(STORED DATA begins)

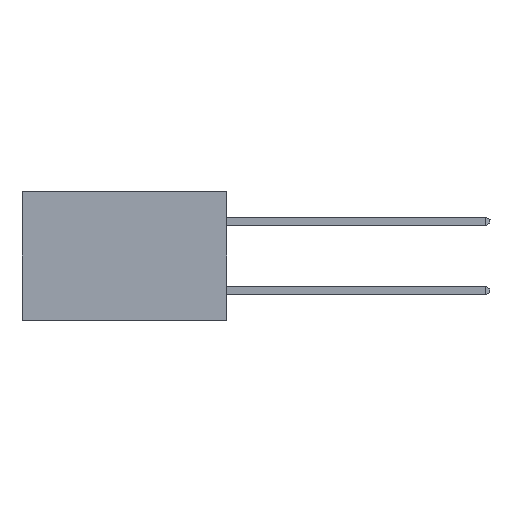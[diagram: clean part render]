
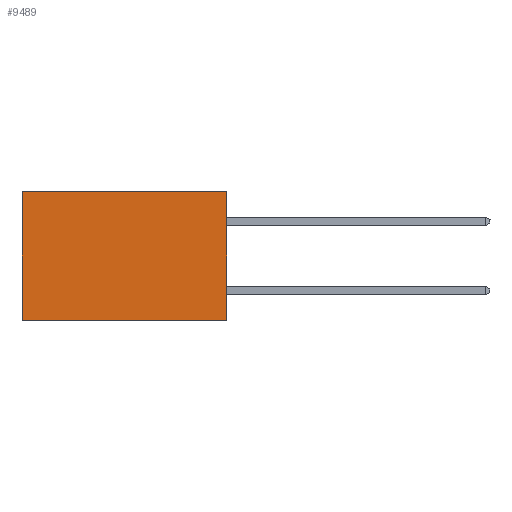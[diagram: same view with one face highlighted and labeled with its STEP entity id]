
A CAD part, left-side view. The second image highlights one B-rep face of the part: STEP entity #9489.
In plain terms, the highlighted planar face has unit normal (-1, 0, 0).
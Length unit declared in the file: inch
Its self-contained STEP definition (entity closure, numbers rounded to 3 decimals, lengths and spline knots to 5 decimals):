
#281 = CARTESIAN_POINT ( 'NONE',  ( 0.277, 0.59, 0. ) ) ;
#1895 = VECTOR ( 'NONE', #15095, 39.37008 ) ;
#2988 = EDGE_CURVE ( 'NONE', #8570, #17087, #12799, .T. ) ;
#3180 = LINE ( 'NONE', #13782, #1895 ) ;
#4072 = ORIENTED_EDGE ( 'NONE', *, *, #4174, .T. ) ;
#4174 = EDGE_CURVE ( 'NONE', #15298, #7226, #6299, .T. ) ;
#4279 = CARTESIAN_POINT ( 'NONE',  ( 0.277, 0.59, -0.37 ) ) ;
#5567 = PLANE ( 'NONE',  #13502 ) ;
#5884 = VECTOR ( 'NONE', #11432, 39.37008 ) ;
#6292 = ORIENTED_EDGE ( 'NONE', *, *, #2988, .F. ) ;
#6299 = LINE ( 'NONE', #11135, #5884 ) ;
#6616 = CARTESIAN_POINT ( 'NONE',  ( 0.277, 0.59, -0.37 ) ) ;
#6725 = DIRECTION ( 'NONE',  ( 0., 0., -1. ) ) ;
#6964 = DIRECTION ( 'NONE',  ( 1., 0., 0. ) ) ;
#7226 = VERTEX_POINT ( 'NONE', #281 ) ;
#7620 = LINE ( 'NONE', #6616, #11216 ) ;
#8311 = EDGE_CURVE ( 'NONE', #7226, #17087, #7620, .T. ) ;
#8570 = VERTEX_POINT ( 'NONE', #15796 ) ;
#8899 = EDGE_CURVE ( 'NONE', #15298, #8570, #3180, .T. ) ;
#9489 = ADVANCED_FACE ( 'NONE', ( #10513 ), #5567, .F. ) ;
#10249 = EDGE_LOOP ( 'NONE', ( #13332, #6292, #13954, #4072 ) ) ;
#10513 = FACE_OUTER_BOUND ( 'NONE', #10249, .T. ) ;
#10963 = CARTESIAN_POINT ( 'NONE',  ( 0.277, 0., -0.37 ) ) ;
#11135 = CARTESIAN_POINT ( 'NONE',  ( 0.277, 0., 0. ) ) ;
#11216 = VECTOR ( 'NONE', #6725, 39.37008 ) ;
#11432 = DIRECTION ( 'NONE',  ( 0., 1., 0. ) ) ;
#12799 = LINE ( 'NONE', #15523, #15867 ) ;
#13332 = ORIENTED_EDGE ( 'NONE', *, *, #8311, .T. ) ;
#13502 = AXIS2_PLACEMENT_3D ( 'NONE', #10963, #6964, #16275 ) ;
#13782 = CARTESIAN_POINT ( 'NONE',  ( 0.277, 0., -0.37 ) ) ;
#13954 = ORIENTED_EDGE ( 'NONE', *, *, #8899, .F. ) ;
#13995 = CARTESIAN_POINT ( 'NONE',  ( 0.277, 0., 0. ) ) ;
#15095 = DIRECTION ( 'NONE',  ( 0., 0., -1. ) ) ;
#15298 = VERTEX_POINT ( 'NONE', #13995 ) ;
#15523 = CARTESIAN_POINT ( 'NONE',  ( 0.277, 0., -0.37 ) ) ;
#15796 = CARTESIAN_POINT ( 'NONE',  ( 0.277, 0., -0.37 ) ) ;
#15867 = VECTOR ( 'NONE', #16128, 39.37008 ) ;
#16128 = DIRECTION ( 'NONE',  ( 0., 1., 0. ) ) ;
#16275 = DIRECTION ( 'NONE',  ( 0., 0., -1. ) ) ;
#17087 = VERTEX_POINT ( 'NONE', #4279 ) ;

(STORED DATA ends)

YOUR ASSIGNMENT:
Extract exactly and only the lines above from the line containing "#4072 = ORIENTED_EDGE" through the line containing "#7620 = LINE ( 'NONE', #6616, #11216 ) ;", both end lines included.

ANSWER SPACE:
#4072 = ORIENTED_EDGE ( 'NONE', *, *, #4174, .T. ) ;
#4174 = EDGE_CURVE ( 'NONE', #15298, #7226, #6299, .T. ) ;
#4279 = CARTESIAN_POINT ( 'NONE',  ( 0.277, 0.59, -0.37 ) ) ;
#5567 = PLANE ( 'NONE',  #13502 ) ;
#5884 = VECTOR ( 'NONE', #11432, 39.37008 ) ;
#6292 = ORIENTED_EDGE ( 'NONE', *, *, #2988, .F. ) ;
#6299 = LINE ( 'NONE', #11135, #5884 ) ;
#6616 = CARTESIAN_POINT ( 'NONE',  ( 0.277, 0.59, -0.37 ) ) ;
#6725 = DIRECTION ( 'NONE',  ( 0., 0., -1. ) ) ;
#6964 = DIRECTION ( 'NONE',  ( 1., 0., 0. ) ) ;
#7226 = VERTEX_POINT ( 'NONE', #281 ) ;
#7620 = LINE ( 'NONE', #6616, #11216 ) ;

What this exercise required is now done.